India speaks to U.S. lawmakers prior to human rights hearing

Team led by Ambassador Shringla explains Centre’s view With less than a week to go before a Congressional hearing on Human Rights in South Asia, India is exerting its diplomatic muscle on Capitol Hill to explain the government’s point of view on Kashmir to U.S. lawmakers. A team of five Indian diplomats, led by India’s Ambassador to the U.S., Harsh Vardhan Shringla, briefed members of the U.S. House of Representatives on Wednesday. The session was hosted by Congressman Brad Sherman, the Democrat who heads the Asia Subcommittee of the House Foreign Affairs Committee (HFAC). The same Subcommittee is holding Tuesday’s human rights hearing, which will include a discussion of the Kashmir valley, Tamils in Sri Lanka, the human rights situation in Pakistan, including Sindh Province, and the situation with Muslims in Assam (India’s finalisation of the National Register of Citizens). In addition to Mr. Sherman, the list of Members of Congress present at Mr.
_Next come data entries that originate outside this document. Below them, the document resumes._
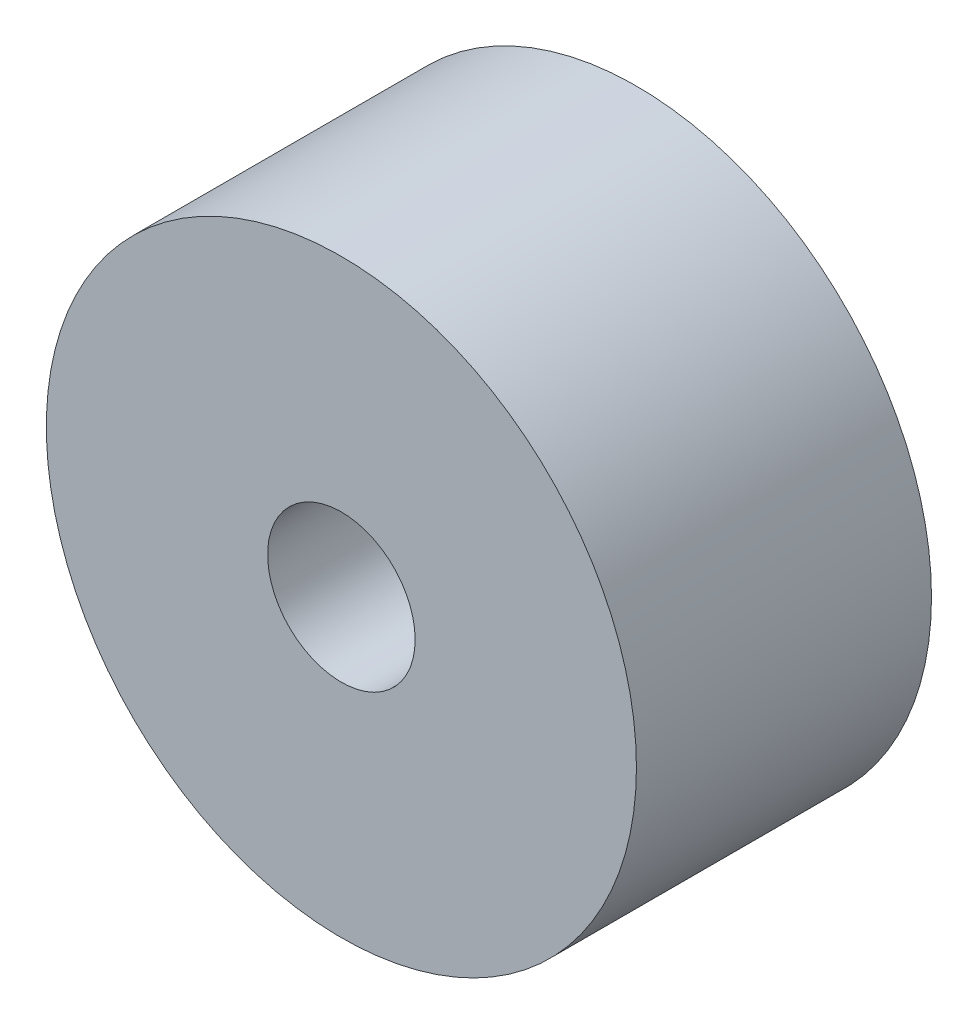
ISO-10303-21;
HEADER;
FILE_DESCRIPTION(('STEP AP214'),'2;1');
FILE_NAME('part.step','',(''),(''),'','','');
FILE_SCHEMA(('AUTOMOTIVE_DESIGN { 1 0 10303 214 1 1 1 1 }'));
ENDSEC;
DATA;
#1=APPLICATION_CONTEXT('core data for automotive mechanical design processes');
#2=APPLICATION_PROTOCOL_DEFINITION('international standard','automotive_design',2000,#1);
#3=PRODUCT_CONTEXT('',#1,'mechanical');
#4=PRODUCT('Part','Part','',(#3));
#5=PRODUCT_RELATED_PRODUCT_CATEGORY('part','',(#4));
#6=PRODUCT_DEFINITION_FORMATION('','',#4);
#7=PRODUCT_DEFINITION_CONTEXT('part definition',#1,'design');
#8=PRODUCT_DEFINITION('design','',#6,#7);
#9=PRODUCT_DEFINITION_SHAPE('','',#8);
#10=(LENGTH_UNIT() NAMED_UNIT(*) SI_UNIT(.MILLI.,.METRE.));
#11=(NAMED_UNIT(*) PLANE_ANGLE_UNIT() SI_UNIT($,.RADIAN.));
#12=(NAMED_UNIT(*) SI_UNIT($,.STERADIAN.) SOLID_ANGLE_UNIT());
#13=UNCERTAINTY_MEASURE_WITH_UNIT(LENGTH_MEASURE(1.E-05),#10,'distance_accuracy_value','');
#14=(GEOMETRIC_REPRESENTATION_CONTEXT(3) GLOBAL_UNCERTAINTY_ASSIGNED_CONTEXT((#13)) GLOBAL_UNIT_ASSIGNED_CONTEXT((#10,
#11,#12)) REPRESENTATION_CONTEXT('',''));
#15=CARTESIAN_POINT('',(0.,0.,0.));
#16=DIRECTION('',(0.,0.,1.));
#17=DIRECTION('',(1.,0.,0.));
#18=AXIS2_PLACEMENT_3D('',#15,#16,#17);
#19=CARTESIAN_POINT('',(0.,0.,12.7));
#20=DIRECTION('',(0.,0.,1.));
#21=DIRECTION('',(1.,0.,0.));
#22=AXIS2_PLACEMENT_3D('',#19,#20,#21);
#23=PLANE('',#22);
#24=CARTESIAN_POINT('',(0.,0.,12.7));
#25=DIRECTION('',(0.,0.,1.));
#26=DIRECTION('',(1.,0.,0.));
#27=AXIS2_PLACEMENT_3D('',#24,#25,#26);
#28=CIRCLE('',#27,12.7);
#29=CARTESIAN_POINT('',(12.7,0.,12.7));
#30=VERTEX_POINT('',#29);
#31=EDGE_CURVE('E10',#30,#30,#28,.T.);
#32=ORIENTED_EDGE('',*,*,#31,.T.);
#33=EDGE_LOOP('',(#32));
#34=FACE_BOUND('',#33,.T.);
#35=CARTESIAN_POINT('',(0.,0.,12.7));
#36=DIRECTION('',(0.,0.,1.));
#37=DIRECTION('',(1.,0.,0.));
#38=AXIS2_PLACEMENT_3D('',#35,#36,#37);
#39=CIRCLE('',#38,3.175);
#40=CARTESIAN_POINT('',(3.175,0.,12.7));
#41=VERTEX_POINT('',#40);
#42=EDGE_CURVE('E54',#41,#41,#39,.T.);
#43=ORIENTED_EDGE('',*,*,#42,.F.);
#44=EDGE_LOOP('',(#43));
#45=FACE_BOUND('',#44,.T.);
#46=ADVANCED_FACE('F41',(#34,#45),#23,.T.);
#47=CARTESIAN_POINT('',(0.,0.,0.));
#48=DIRECTION('',(0.,0.,1.));
#49=DIRECTION('',(1.,0.,0.));
#50=AXIS2_PLACEMENT_3D('',#47,#48,#49);
#51=PLANE('',#50);
#52=CARTESIAN_POINT('',(0.,0.,0.));
#53=DIRECTION('',(0.,0.,1.));
#54=DIRECTION('',(1.,0.,0.));
#55=AXIS2_PLACEMENT_3D('',#52,#53,#54);
#56=CIRCLE('',#55,12.7);
#57=CARTESIAN_POINT('',(12.7,0.,0.));
#58=VERTEX_POINT('',#57);
#59=EDGE_CURVE('E45',#58,#58,#56,.T.);
#60=ORIENTED_EDGE('',*,*,#59,.F.);
#61=EDGE_LOOP('',(#60));
#62=FACE_BOUND('',#61,.T.);
#63=CARTESIAN_POINT('',(0.,0.,0.));
#64=DIRECTION('',(0.,0.,1.));
#65=DIRECTION('',(1.,0.,0.));
#66=AXIS2_PLACEMENT_3D('',#63,#64,#65);
#67=CIRCLE('',#66,3.175);
#68=CARTESIAN_POINT('',(3.175,0.,0.));
#69=VERTEX_POINT('',#68);
#70=EDGE_CURVE('E56',#69,#69,#67,.T.);
#71=ORIENTED_EDGE('',*,*,#70,.T.);
#72=EDGE_LOOP('',(#71));
#73=FACE_BOUND('',#72,.T.);
#74=ADVANCED_FACE('F68',(#62,#73),#51,.F.);
#75=CARTESIAN_POINT('',(0.,0.,12.7));
#76=DIRECTION('',(0.,0.,-1.));
#77=DIRECTION('',(-1.,0.,0.));
#78=AXIS2_PLACEMENT_3D('',#75,#76,#77);
#79=CYLINDRICAL_SURFACE('',#78,12.7);
#80=ORIENTED_EDGE('',*,*,#31,.F.);
#81=EDGE_LOOP('',(#80));
#82=FACE_BOUND('',#81,.T.);
#83=ORIENTED_EDGE('',*,*,#59,.T.);
#84=EDGE_LOOP('',(#83));
#85=FACE_BOUND('',#84,.T.);
#86=ADVANCED_FACE('F43',(#82,#85),#79,.T.);
#87=CARTESIAN_POINT('',(0.,0.,12.7));
#88=DIRECTION('',(0.,0.,-1.));
#89=DIRECTION('',(-1.,0.,0.));
#90=AXIS2_PLACEMENT_3D('',#87,#88,#89);
#91=CYLINDRICAL_SURFACE('',#90,3.175);
#92=ORIENTED_EDGE('',*,*,#42,.T.);
#93=EDGE_LOOP('',(#92));
#94=FACE_BOUND('',#93,.T.);
#95=ORIENTED_EDGE('',*,*,#70,.F.);
#96=EDGE_LOOP('',(#95));
#97=FACE_BOUND('',#96,.T.);
#98=ADVANCED_FACE('F64',(#94,#97),#91,.F.);
#99=CLOSED_SHELL('',(#46,#74,#86,#98));
#100=MANIFOLD_SOLID_BREP('B2',#99);
#101=ADVANCED_BREP_SHAPE_REPRESENTATION('',(#18,#100),#14);
#102=SHAPE_DEFINITION_REPRESENTATION(#9,#101);
ENDSEC;
END-ISO-10303-21;

Shringla’s briefing included HFAC ranking member and Florida Republican Ted Yoho, California Democrat and Indian American Ami Bera, South Carolina Republican Joe Wilson, Virginia Democrat Abigail Spanberger, Rhode Island Democrat David Cicilline and Texas Republican Pete Olson (who was present at the Howdy Modi diaspora rally in Houston last month). Pramila Jayapal, a Chennai-born progressive Democrat who has been vocal about the restrictions in Kashmir was not present. Her office told The Hindu there was a scheduling clash and that she was monitoring the situation in Kashmir and in touch with the Indian government. Ms. Jayapal also has a meeting scheduled with India’s Deputy Ambassador [Amit Kumar] later this week, her office said. On Wednesday, Mr. Shringla explained to Members that the curbs in Kashmir were put in place temporarily to save lives and no deaths had occurred (in clashes with security forces), a senior Indian official told The Hindu . Mr. Shringla offered to intervene and assist in situations where Members’ constituents could not contact their relatives.